With HR departments starting to embrace the technology, telemedicine is on track to see massive growth in 2016. According to a new American Telemedicine Association report, states are doing better than ever at lowering regulatory barriers to allow the practice.

Are state policies starting to line up in favor of telemedicine as a mainstream, legitimate option for medical consumers?

The American Telemedicine Association  thinks so, particularly when it comes to one form of treatment well suited to the technology: mental health. Recently, ATA released a report showing that just one state received a failing grade for its mental health standards and licensing and that eight other states aced their exam.

This is a major sign of progress, the association notes, because the patchwork of state-level rules for psychologists in particular are difficult to work with. In the report, Gary Capistrant, ATA’s chief policy officer, and State Policy Resource Director Latoya Thomas stated that their assessment generally indicates much support from states.

“Our analysis indicates that decades of evidence-based research highlighting patient adherence to treatment, positive clinical outcomes, and increasing telehealth utilization have been met with overwhelmingly supportive scope of practice policies for psychologists,” they wrote in the report, according to mHealthIntelligence.

The association’s state -policy report was based on a number of regulatory criteria, including psychologist-patient encounter, informed consent, licensure, and out-of-state practice. The states that scored an A on the report card were Mississippi, Missouri, Nebraska, Nevada, Oklahoma, Texas, West Virginia, and Wisconsin. Most states and Washington, DC (41 in total), received either B’s or C’s; Colorado was the only one that got an F.

Telemedicine’s Mainstream Push

The report jibes with positive growth in telemedicine in general. As The Wall Street Journal noted last month, ATA estimates that there will be a 30 percent rise in the number of Americans receiving remote medical care in 2016, with telemedicine becoming a common benefit offered by both health providers and large employers. On Monday, Employee Benefit News called telemedicine one of the top employee-benefit trends of 2016.

(And employers are trying novel ways to get people to embrace this kind of healthcare, with some adding telemedicine kiosks.)

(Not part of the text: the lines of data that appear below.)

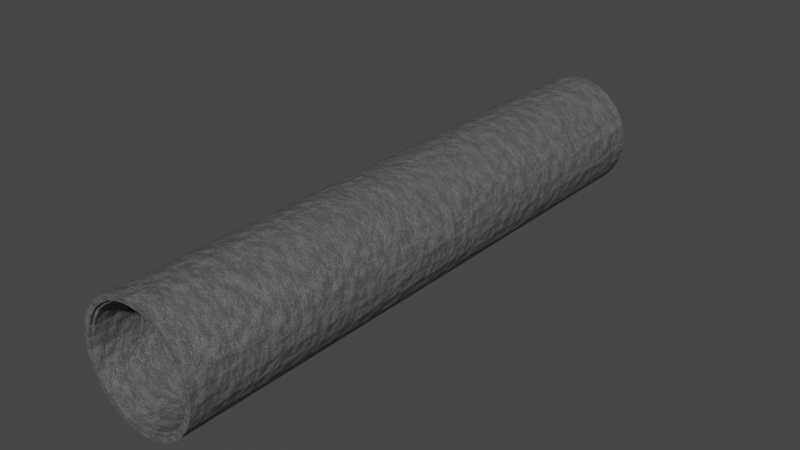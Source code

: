 # Source: Concrete_tube.blend  (saved by Blender 2.82.7; exported with 4.5.12 LTS)
import bpy
from mathutils import Matrix  # noqa: F401  (used for matrix-valued properties, if any)

bpy.ops.wm.read_factory_settings(use_empty=True)
scene = bpy.context.scene
scene.name = 'Scene'

# ---- collections
col_collection = bpy.data.collections.new('Collection'); scene.collection.children.link(col_collection)

# ---- images (referenced by path relative to the original .blend; pixels are not part of the script)
import os
ASSET_DIR = os.environ.get("B2B_ASSET_DIR", "")  # directory of the original .blend (textures are referenced by path, not embedded)
HERE = os.path.dirname(os.path.abspath(__file__))  # packed textures are extracted next to this script under _unpacked/

def load_image(name, relpath, width, height, colorspace="sRGB"):
    """Load a texture the original file referenced (path relative to the .blend, or extracted next to this script)."""
    p = next((c for c in (os.path.join(HERE, relpath), os.path.join(ASSET_DIR, relpath)) if relpath and os.path.exists(c)), "")
    if p:
        img = bpy.data.images.load(p, check_existing=True)
        img.name = name
    else:  # same state as the original file: an image datablock whose file is absent (Cycles renders it pink)
        img = bpy.data.images.new(name, width, height)
        img.source = "FILE"
        img.filepath = "//" + (relpath or name)
    img.colorspace_settings.name = colorspace
    return img
img_cylinder_uv_map = load_image('Cylinder uv map', 'Cylinder uv unwrap.png', 1024, 1024, 'sRGB')

# ---- materials (node trees are filled in below, after node groups)
mat_wall_plaster = bpy.data.materials.new('Wall Plaster')

# ---- material node trees
mat_wall_plaster.use_nodes = True; mat_wall_plaster.node_tree.nodes.clear()
_N = mat_wall_plaster.node_tree.nodes; _L = mat_wall_plaster.node_tree.links
n0 = _N.new('ShaderNodeOutputMaterial'); n0.name = 'Material Output'; n0.location = (900, 300)
n1 = _N.new('ShaderNodeTexCoord'); n1.name = 'Texture Coordinate'; n1.location = (-956, 162)
n2 = _N.new('ShaderNodeTexNoise'); n2.name = 'Noise Texture'; n2.location = (-426, 122)
n2.inputs[3].default_value = 16.0
n3 = _N.new('ShaderNodeMapping'); n3.name = 'Mapping'; n3.location = (-746, 179)
n3.width = 240
n4 = _N.new('ShaderNodeTexNoise'); n4.name = 'Noise Texture.001'; n4.location = (-423, -175)
n4.inputs[3].default_value = 16.0
n5 = _N.new('ShaderNodeBump'); n5.name = 'Bump'; n5.location = (348, -224)
n5.inputs[0].default_value = 0.3833
n5.inputs[1].default_value = 1.0
n5.inputs[2].default_value = 1.0
n6 = _N.new('ShaderNodeValToRGB'); n6.name = 'ColorRamp.001'; n6.location = (62, -61)
while len(n6.color_ramp.elements) > 1: n6.color_ramp.elements.remove(n6.color_ramp.elements[-1])
n6.color_ramp.elements[0].position = 0.09091; n6.color_ramp.elements[0].color = (0.0, 0.0, 0.0, 1.0)
_e = n6.color_ramp.elements.new(0.3955); _e.color = (1.0, 1.0, 1.0, 1.0)
n7 = _N.new('ShaderNodeBump'); n7.name = 'Bump.001'; n7.location = (554, -373)
n7.inputs[0].default_value = 0.175
n7.inputs[1].default_value = 1.0
n7.inputs[2].default_value = 1.0
n8 = _N.new('ShaderNodeValToRGB'); n8.name = 'ColorRamp'; n8.location = (382, 216)
while len(n8.color_ramp.elements) > 1: n8.color_ramp.elements.remove(n8.color_ramp.elements[-1])
n8.color_ramp.elements[0].position = 0.1636; n8.color_ramp.elements[0].color = (0.1986, 0.1986, 0.1986, 1.0)
_e = n8.color_ramp.elements.new(0.773); _e.color = (0.08438, 0.08438, 0.08438, 1.0)
n9 = _N.new('ShaderNodeTexVoronoi'); n9.name = 'Voronoi Texture'; n9.location = (-214, 205)
n9.distance = 'MANHATTAN'
n9.inputs[2].default_value = 30.0
n10 = _N.new('ShaderNodeMix'); n10.name = 'Mix'; n10.location = (79, 180)
n10.data_type = 'RGBA'
n11 = _N.new('ShaderNodeBsdfPrincipled'); n11.name = 'Principled BSDF'; n11.location = (907, 41)
n11.distribution = 'GGX'
n11.subsurface_method = 'BURLEY'
n11.inputs[3].default_value = 1.45
n11.inputs[27].default_value = (0.0, 0.0, 0.0, 1.0)
n11.inputs[28].default_value = 1.0
n12 = _N.new('ShaderNodeTexImage'); n12.name = 'Image Texture'; n12.location = (348, 514)
n12.image = img_cylinder_uv_map
_L.new(n3.outputs[0], n2.inputs[0])
_L.new(n1.outputs[3], n3.inputs[0])
_L.new(n2.outputs[1], n9.inputs[0])
_L.new(n9.outputs[0], n10.inputs[6])
_L.new(n8.outputs[0], n11.inputs[0])
_L.new(n5.outputs[0], n7.inputs[4])
_L.new(n9.outputs[0], n6.inputs[0])
_L.new(n6.outputs[0], n5.inputs[3])
_L.new(n3.outputs[0], n4.inputs[0])
_L.new(n7.outputs[0], n11.inputs[5])
_L.new(n4.outputs[0], n7.inputs[3])
_L.new(n10.outputs[2], n8.inputs[0])
_L.new(n4.outputs[0], n10.inputs[7])
_L.new(n11.outputs[0], n0.inputs[0])
n0.is_active_output = True

# ---- world
world_world = bpy.data.worlds.new('World'); scene.world = world_world
world_world.use_nodes = True; world_world.node_tree.nodes.clear()
_N = world_world.node_tree.nodes; _L = world_world.node_tree.links
n0 = _N.new('ShaderNodeOutputWorld'); n0.name = 'World Output'; n0.location = (300, 300)
n1 = _N.new('ShaderNodeBackground'); n1.name = 'Background'; n1.location = (10, 300)
n1.inputs[0].default_value = (0.05088, 0.05088, 0.05088, 1.0)
_L.new(n1.outputs[0], n0.inputs[0])
n0.is_active_output = True
world_world.color = (0.05088, 0.05088, 0.05088)
world_world.use_sun_shadow = False
world_world.sun_shadow_jitter_overblur = 0.0

# ---- meshes
me_cylinder_001 = bpy.data.meshes.new('Cylinder.001')
me_cylinder_001.from_pydata([(4.496e-08, 0.9111, -5.0), (4.496e-08, 0.9111, 5.0), (0.1894, 0.8912, -5.0), (0.1894, 0.8912, 5.0), (0.3706, 0.8323, -5.0), (0.3706, 0.8323, 5.0), (0.5355, 0.7371, -5.0), (0.5355, 0.7371, 5.0), (0.6771, 0.6096, -5.0), (0.6771, 0.6096, 5.0), (0.789, 0.4555, -5.0), (0.789, 0.4555, 5.0), (0.8665, 0.2815, -5.0), (0.8665, 0.2815, 5.0), (0.9061, 0.09524, -5.0), (0.9061, 0.09524, 5.0), (0.9061, -0.09524, -5.0), (0.9061, -0.09524, 5.0), (0.8665, -0.2815, -5.0), (0.8665, -0.2815, 5.0), (0.789, -0.4555, -5.0), (0.789, -0.4555, 5.0), (0.6771, -0.6096, -5.0), (0.6771, -0.6096, 5.0), (0.5355, -0.7371, -5.0), (0.5355, -0.7371, 5.0), (0.3706, -0.8323, -5.0), (0.3706, -0.8323, 5.0), (0.1894, -0.8912, -5.0), (0.1894, -0.8912, 5.0), (-7.51e-08, -0.9111, -5.0), (-7.51e-08, -0.9111, 5.0), (-0.1894, -0.8912, -5.0), (-0.1894, -0.8912, 5.0), (-0.3706, -0.8323, -5.0), (-0.3706, -0.8323, 5.0), (-0.5355, -0.7371, -5.0), (-0.5355, -0.7371, 5.0), (-0.6771, -0.6096, -5.0), (-0.6771, -0.6096, 5.0), (-0.789, -0.4555, -5.0), (-0.789, -0.4555, 5.0), (-0.8665, -0.2815, -5.0), (-0.8665, -0.2815, 5.0), (-0.9061, -0.09524, -5.0), (-0.9061, -0.09524, 5.0), (-0.9061, 0.09523, -5.0), (-0.9061, 0.09523, 5.0), (-0.8665, 0.2815, -5.0), (-0.8665, 0.2815, 5.0), (-0.789, 0.4555, -5.0), (-0.789, 0.4555, 5.0), (-0.6771, 0.6096, -5.0), (-0.6771, 0.6096, 5.0), (-0.5355, 0.7371, -5.0), (-0.5355, 0.7371, 5.0), (-0.3706, 0.8323, -5.0), (-0.3706, 0.8323, 5.0), (-0.1894, 0.8912, -5.0), (-0.1894, 0.8912, 5.0), (0.0, 1.0, -5.0), (0.2079, 0.9781, -5.0), (0.2079, 0.9781, 5.0), (0.0, 1.0, 5.0), (0.4067, 0.9135, -5.0), (0.4067, 0.9135, 5.0), (0.5878, 0.809, -5.0), (0.5878, 0.809, 5.0), (0.7431, 0.6691, -5.0), (0.7431, 0.6691, 5.0), (0.866, 0.5, -5.0), (0.866, 0.5, 5.0), (0.9511, 0.309, -5.0), (0.9511, 0.309, 5.0), (0.9945, 0.1045, -5.0), (0.9945, 0.1045, 5.0), (0.9945, -0.1045, -5.0), (0.9945, -0.1045, 5.0), (0.9511, -0.309, -5.0), (0.9511, -0.309, 5.0), (0.866, -0.5, -5.0), (0.866, -0.5, 5.0), (0.7431, -0.6691, -5.0), (0.7431, -0.6691, 5.0), (0.5878, -0.809, -5.0), (0.5878, -0.809, 5.0), (0.4067, -0.9135, -5.0), (0.4067, -0.9135, 5.0), (0.2079, -0.9781, -5.0), (0.2079, -0.9781, 5.0), (-8.742e-08, -1.0, -5.0), (-8.742e-08, -1.0, 5.0), (-0.2079, -0.9781, -5.0), (-0.2079, -0.9781, 5.0), (-0.4067, -0.9135, -5.0), (-0.4067, -0.9135, 5.0), (-0.5878, -0.809, -5.0), (-0.5878, -0.809, 5.0), (-0.7431, -0.6691, -5.0), (-0.7431, -0.6691, 5.0), (-0.866, -0.5, -5.0), (-0.866, -0.5, 5.0), (-0.9511, -0.309, -5.0), (-0.9511, -0.309, 5.0), (-0.9945, -0.1045, -5.0), (-0.9945, -0.1045, 5.0), (-0.9945, 0.1045, -5.0), (-0.9945, 0.1045, 5.0), (-0.9511, 0.309, -5.0), (-0.9511, 0.309, 5.0), (-0.866, 0.5, -5.0), (-0.866, 0.5, 5.0), (-0.7431, 0.6691, -5.0), (-0.7431, 0.6691, 5.0), (-0.5878, 0.809, -5.0), (-0.5878, 0.809, 5.0), (-0.4067, 0.9135, -5.0), (-0.4067, 0.9135, 5.0), (-0.2079, 0.9781, -5.0), (-0.2079, 0.9781, 5.0), (5.237e-08, 0.8737, -4.95), (4.781e-08, 0.8737, 4.95), (0.1817, 0.8546, -4.95), (0.1817, 0.8546, 4.95), (0.3554, 0.7982, -4.95), (0.3554, 0.7982, 4.95), (0.5136, 0.7068, -4.95), (0.5136, 0.7068, 4.95), (0.6493, 0.5846, -4.95), (0.6493, 0.5846, 4.95), (0.7567, 0.4369, -4.95), (0.7567, 0.4369, 4.95), (0.831, 0.27, -4.95), (0.831, 0.27, 4.95), (0.8689, 0.09133, -4.95), (0.8689, 0.09133, 4.95), (0.8689, -0.09133, -4.95), (0.8689, -0.09133, 4.95), (0.831, -0.27, -4.95), (0.831, -0.27, 4.95), (0.7567, -0.4369, -4.95), (0.7567, -0.4369, 4.95), (0.6493, -0.5846, -4.95), (0.6493, -0.5846, 4.95), (0.5136, -0.7068, -4.95), (0.5136, -0.7068, 4.95), (0.3554, -0.7982, -4.95), (0.3554, -0.7982, 4.95), (0.1817, -0.8546, -4.95), (0.1817, -0.8546, 4.95), (-7.735e-08, -0.8737, -4.95), (-8.191e-08, -0.8737, 4.95), (-0.1817, -0.8546, -4.95), (-0.1817, -0.8546, 4.95), (-0.3554, -0.7982, -4.95), (-0.3554, -0.7982, 4.95), (-0.5136, -0.7068, -4.95), (-0.5136, -0.7068, 4.95), (-0.6493, -0.5846, -4.95), (-0.6493, -0.5846, 4.95), (-0.7567, -0.4369, -4.95), (-0.7567, -0.4369, 4.95), (-0.831, -0.27, -4.95), (-0.831, -0.27, 4.95), (-0.8689, -0.09133, -4.95), (-0.8689, -0.09133, 4.95), (-0.8689, 0.09133, -4.95), (-0.8689, 0.09133, 4.95), (-0.831, 0.27, -4.95), (-0.831, 0.27, 4.95), (-0.7567, 0.4369, -4.95), (-0.7567, 0.4369, 4.95), (-0.6493, 0.5846, -4.95), (-0.6493, 0.5846, 4.95), (-0.5136, 0.7068, -4.95), (-0.5136, 0.7068, 4.95), (-0.3554, 0.7982, -4.95), (-0.3554, 0.7982, 4.95), (-0.1817, 0.8546, -4.95), (-0.1817, 0.8546, 4.95), (3.697e-08, 0.9111, -4.95), (0.1894, 0.8912, -4.95), (0.1894, 0.8912, 4.95), (3.24e-08, 0.9111, 4.95), (0.3706, 0.8323, -4.95), (0.3706, 0.8323, 4.95), (0.5355, 0.7371, -4.95), (0.5355, 0.7371, 4.95), (0.6771, 0.6096, -4.95), (0.6771, 0.6096, 4.95), (0.789, 0.4555, -4.95), (0.789, 0.4555, 4.95), (0.8665, 0.2815, -4.95), (0.8665, 0.2815, 4.95), (0.9061, 0.09524, -4.95), (0.9061, 0.09524, 4.95), (0.9061, -0.09524, -4.95), (0.9061, -0.09524, 4.95), (0.8665, -0.2815, -4.95), (0.8665, -0.2815, 4.95), (0.789, -0.4555, -4.95), (0.789, -0.4555, 4.95), (0.6771, -0.6096, -4.95), (0.6771, -0.6096, 4.95), (0.5355, -0.7371, -4.95), (0.5355, -0.7371, 4.95), (0.3706, -0.8323, -4.95), (0.3706, -0.8323, 4.95), (0.1894, -0.8912, -4.95), (0.1894, -0.8912, 4.95), (-8.309e-08, -0.9111, -4.95), (-8.766e-08, -0.9111, 4.95), (-0.1894, -0.8912, -4.95), (-0.1894, -0.8912, 4.95), (-0.3706, -0.8323, -4.95), (-0.3706, -0.8323, 4.95), (-0.5355, -0.7371, -4.95), (-0.5355, -0.7371, 4.95), (-0.6771, -0.6096, -4.95), (-0.6771, -0.6096, 4.95), (-0.789, -0.4555, -4.95), (-0.789, -0.4555, 4.95), (-0.8665, -0.2815, -4.95), (-0.8665, -0.2815, 4.95), (-0.9061, -0.09524, -4.95), (-0.9061, -0.09524, 4.95), (-0.9061, 0.09523, -4.95), (-0.9061, 0.09523, 4.95), (-0.8665, 0.2815, -4.95), (-0.8665, 0.2815, 4.95), (-0.789, 0.4555, -4.95), (-0.789, 0.4555, 4.95), (-0.6771, 0.6096, -4.95), (-0.6771, 0.6096, 4.95), (-0.5355, 0.7371, -4.95), (-0.5355, 0.7371, 4.95), (-0.3706, 0.8323, -4.95), (-0.3706, 0.8323, 4.95), (-0.1894, 0.8912, -4.95), (-0.1894, 0.8912, 4.95)], [], [(60, 63, 62, 61), (61, 62, 65, 64), (64, 65, 67, 66), (66, 67, 69, 68), (68, 69, 71, 70), (70, 71, 73, 72), (72, 73, 75, 74), (74, 75, 77, 76), (76, 77, 79, 78), (78, 79, 81, 80), (80, 81, 83, 82), (82, 83, 85, 84), (84, 85, 87, 86), (86, 87, 89, 88), (88, 89, 91, 90), (90, 91, 93, 92), (92, 93, 95, 94), (94, 95, 97, 96), (96, 97, 99, 98), (98, 99, 101, 100), (100, 101, 103, 102), (102, 103, 105, 104), (104, 105, 107, 106), (106, 107, 109, 108), (108, 109, 111, 110), (110, 111, 113, 112), (112, 113, 115, 114), (114, 115, 117, 116), (12, 14, 194, 192), (116, 117, 119, 118), (118, 119, 63, 60), (38, 40, 220, 218), (2, 0, 60, 61), (1, 3, 62, 63), (4, 2, 61, 64), (3, 5, 65, 62), (6, 4, 64, 66), (5, 7, 67, 65), (8, 6, 66, 68), (7, 9, 69, 67), (10, 8, 68, 70), (9, 11, 71, 69), (12, 10, 70, 72), (11, 13, 73, 71), (14, 12, 72, 74), (13, 15, 75, 73), (16, 14, 74, 76), (15, 17, 77, 75), (18, 16, 76, 78), (17, 19, 79, 77), (20, 18, 78, 80), (19, 21, 81, 79), (22, 20, 80, 82), (21, 23, 83, 81), (24, 22, 82, 84), (23, 25, 85, 83), (26, 24, 84, 86), (25, 27, 87, 85), (28, 26, 86, 88), (27, 29, 89, 87), (30, 28, 88, 90), (29, 31, 91, 89), (32, 30, 90, 92), (31, 33, 93, 91), (34, 32, 92, 94), (33, 35, 95, 93), (36, 34, 94, 96), (35, 37, 97, 95), (38, 36, 96, 98), (37, 39, 99, 97), (40, 38, 98, 100), (39, 41, 101, 99), (42, 40, 100, 102), (41, 43, 103, 101), (44, 42, 102, 104), (43, 45, 105, 103), (46, 44, 104, 106), (45, 47, 107, 105), (48, 46, 106, 108), (47, 49, 109, 107), (50, 48, 108, 110), (49, 51, 111, 109), (52, 50, 110, 112), (51, 53, 113, 111), (54, 52, 112, 114), (53, 55, 115, 113), (56, 54, 114, 116), (55, 57, 117, 115), (58, 56, 116, 118), (57, 59, 119, 117), (0, 58, 118, 60), (59, 1, 63, 119), (41, 39, 219, 221), (15, 13, 193, 195), (40, 42, 222, 220), (14, 16, 196, 194), (43, 41, 221, 223), (17, 15, 195, 197), (42, 44, 224, 222), (16, 18, 198, 196), (45, 43, 223, 225), (19, 17, 197, 199), (44, 46, 226, 224), (18, 20, 200, 198), (47, 45, 225, 227), (21, 19, 199, 201), (46, 48, 228, 226), (20, 22, 202, 200), (49, 47, 227, 229), (23, 21, 201, 203), (48, 50, 230, 228), (22, 24, 204, 202), (51, 49, 229, 231), (25, 23, 203, 205), (50, 52, 232, 230), (24, 26, 206, 204), (53, 51, 231, 233), (27, 25, 205, 207), (52, 54, 234, 232), (26, 28, 208, 206), (0, 2, 181, 180), (55, 53, 233, 235), (29, 27, 207, 209), (3, 1, 183, 182), (54, 56, 236, 234), (28, 30, 210, 208), (2, 4, 184, 181), (57, 55, 235, 237), (31, 29, 209, 211), (5, 3, 182, 185), (56, 58, 238, 236), (30, 32, 212, 210), (4, 6, 186, 184), (59, 57, 237, 239), (33, 31, 211, 213), (7, 5, 185, 187), (58, 0, 180, 238), (32, 34, 214, 212), (6, 8, 188, 186), (1, 59, 239, 183), (35, 33, 213, 215), (9, 7, 187, 189), (34, 36, 216, 214), (8, 10, 190, 188), (37, 35, 215, 217), (11, 9, 189, 191), (36, 38, 218, 216), (10, 12, 192, 190), (39, 37, 217, 219), (13, 11, 191, 193), (122, 120, 180, 181), (121, 123, 182, 183), (124, 122, 181, 184), (123, 125, 185, 182), (126, 124, 184, 186), (125, 127, 187, 185), (128, 126, 186, 188), (127, 129, 189, 187), (130, 128, 188, 190), (129, 131, 191, 189), (132, 130, 190, 192), (131, 133, 193, 191), (134, 132, 192, 194), (133, 135, 195, 193), (136, 134, 194, 196), (135, 137, 197, 195), (138, 136, 196, 198), (137, 139, 199, 197), (140, 138, 198, 200), (139, 141, 201, 199), (142, 140, 200, 202), (141, 143, 203, 201), (144, 142, 202, 204), (143, 145, 205, 203), (146, 144, 204, 206), (145, 147, 207, 205), (148, 146, 206, 208), (147, 149, 209, 207), (150, 148, 208, 210), (149, 151, 211, 209), (152, 150, 210, 212), (151, 153, 213, 211), (154, 152, 212, 214), (153, 155, 215, 213), (156, 154, 214, 216), (155, 157, 217, 215), (158, 156, 216, 218), (157, 159, 219, 217), (160, 158, 218, 220), (159, 161, 221, 219), (162, 160, 220, 222), (161, 163, 223, 221), (164, 162, 222, 224), (163, 165, 225, 223), (166, 164, 224, 226), (165, 167, 227, 225), (168, 166, 226, 228), (167, 169, 229, 227), (170, 168, 228, 230), (169, 171, 231, 229), (172, 170, 230, 232), (171, 173, 233, 231), (174, 172, 232, 234), (173, 175, 235, 233), (176, 174, 234, 236), (175, 177, 237, 235), (178, 176, 236, 238), (177, 179, 239, 237), (120, 178, 238, 180), (179, 121, 183, 239), (121, 179, 178, 120), (179, 177, 176, 178), (177, 175, 174, 176), (175, 173, 172, 174), (173, 171, 170, 172), (171, 169, 168, 170), (169, 167, 166, 168), (167, 165, 164, 166), (165, 163, 162, 164), (163, 161, 160, 162), (161, 159, 158, 160), (159, 157, 156, 158), (157, 155, 154, 156), (155, 153, 152, 154), (153, 151, 150, 152), (151, 149, 148, 150), (149, 147, 146, 148), (147, 145, 144, 146), (145, 143, 142, 144), (143, 141, 140, 142), (141, 139, 138, 140), (139, 137, 136, 138), (137, 135, 134, 136), (135, 133, 132, 134), (133, 131, 130, 132), (131, 129, 128, 130), (129, 127, 126, 128), (127, 125, 124, 126), (125, 123, 122, 124), (123, 121, 120, 122)])
me_cylinder_001.polygons.foreach_set('use_smooth', [True] * 240)
_k = set([(0, 2), (0, 58), (0, 180), (1, 3), (1, 59), (1, 183), (2, 4), (2, 181), (3, 5), (3, 182), (4, 6), (4, 184), (5, 7), (5, 185), (6, 8), (6, 186), (7, 9), (7, 187), (8, 10), (8, 188), (9, 11), (9, 189), (10, 12), (10, 190), (11, 13), (11, 191), (12, 14), (12, 192), (13, 15), (13, 193), (14, 16), (14, 194), (15, 17), (15, 195), (16, 18), (16, 196), (17, 19), (17, 197), (18, 20), (18, 198), (19, 21), (19, 199), (20, 22), (20, 200), (21, 23), (21, 201), (22, 24), (22, 202), (23, 25), (23, 203), (24, 26), (24, 204), (25, 27), (25, 205), (26, 28), (26, 206), (27, 29), (27, 207), (28, 30), (28, 208), (29, 31), (29, 209), (30, 32), (30, 210), (31, 33), (31, 211), (32, 34), (32, 212), (33, 35), (33, 213), (34, 36), (34, 214), (35, 37), (35, 215), (36, 38), (36, 216), (37, 39), (37, 217), (38, 40), (38, 218), (39, 41), (39, 219), (40, 42), (40, 220), (41, 43), (41, 221), (42, 44), (42, 222), (43, 45), (43, 223), (44, 46), (44, 224), (45, 47), (45, 225), (46, 48), (46, 226), (47, 49), (47, 227), (48, 50), (48, 228), (49, 51), (49, 229), (50, 52), (50, 230), (51, 53), (51, 231), (52, 54), (52, 232), (53, 55), (53, 233), (54, 56), (54, 234), (55, 57), (55, 235), (56, 58), (56, 236), (57, 59), (57, 237), (58, 238), (59, 239), (60, 61), (60, 63), (60, 118), (61, 62), (61, 64), (62, 63), (62, 65), (63, 119), (64, 65), (64, 66), (65, 67), (66, 67), (66, 68), (67, 69), (68, 69), (68, 70), (69, 71), (70, 71), (70, 72), (71, 73), (72, 73), (72, 74), (73, 75), (74, 75), (74, 76), (75, 77), (76, 77), (76, 78), (77, 79), (78, 79), (78, 80), (79, 81), (80, 81), (80, 82), (81, 83), (82, 83), (82, 84), (83, 85), (84, 85), (84, 86), (85, 87), (86, 87), (86, 88), (87, 89), (88, 89), (88, 90), (89, 91), (90, 91), (90, 92), (91, 93), (92, 93), (92, 94), (93, 95), (94, 95), (94, 96), (95, 97), (96, 97), (96, 98), (97, 99), (98, 99), (98, 100), (99, 101), (100, 101), (100, 102), (101, 103), (102, 103), (102, 104), (103, 105), (104, 105), (104, 106), (105, 107), (106, 107), (106, 108), (107, 109), (108, 109), (108, 110), (109, 111), (110, 111), (110, 112), (111, 113), (112, 113), (112, 114), (113, 115), (114, 115), (114, 116), (115, 117), (116, 117), (116, 118), (117, 119), (118, 119), (120, 121), (120, 122), (120, 178), (121, 123), (121, 179), (122, 123), (122, 124), (123, 125), (124, 125), (124, 126), (125, 127), (126, 127), (126, 128), (127, 129), (128, 129), (128, 130), (129, 131), (130, 131), (130, 132), (131, 133), (132, 133), (132, 134), (133, 135), (134, 135), (134, 136), (135, 137), (136, 137), (136, 138), (137, 139), (138, 139), (138, 140), (139, 141), (140, 141), (140, 142), (141, 143), (142, 143), (142, 144), (143, 145), (144, 145), (144, 146), (145, 147), (146, 147), (146, 148), (147, 149), (148, 149), (148, 150), (149, 151), (150, 151), (150, 152), (151, 153), (152, 153), (152, 154), (153, 155), (154, 155), (154, 156), (155, 157), (156, 157), (156, 158), (157, 159), (158, 159), (158, 160), (159, 161), (160, 161), (160, 162), (161, 163), (162, 163), (162, 164), (163, 165), (164, 165), (164, 166), (165, 167), (166, 167), (166, 168), (167, 169), (168, 169), (168, 170), (169, 171), (170, 171), (170, 172), (171, 173), (172, 173), (172, 174), (173, 175), (174, 175), (174, 176), (175, 177), (176, 177), (176, 178), (177, 179), (178, 179), (180, 181), (180, 238), (181, 184), (182, 183), (182, 185), (183, 239), (184, 186), (185, 187), (186, 188), (187, 189), (188, 190), (189, 191), (190, 192), (191, 193), (192, 194), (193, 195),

This rise in telemedicine’s popularity prompted the American Medical Association to address the practice. At its annual meeting last month, AMA approved a set of ethical guidelines for telemedicine aimed at ensuring that consumers stay safe when they receive virtual medical care.

AMA Board Member Jack Resneck, M.D., a speaker at ATA’s annual meeting, said that the goal of the policy was to ensure their standards remain high no matter the medium.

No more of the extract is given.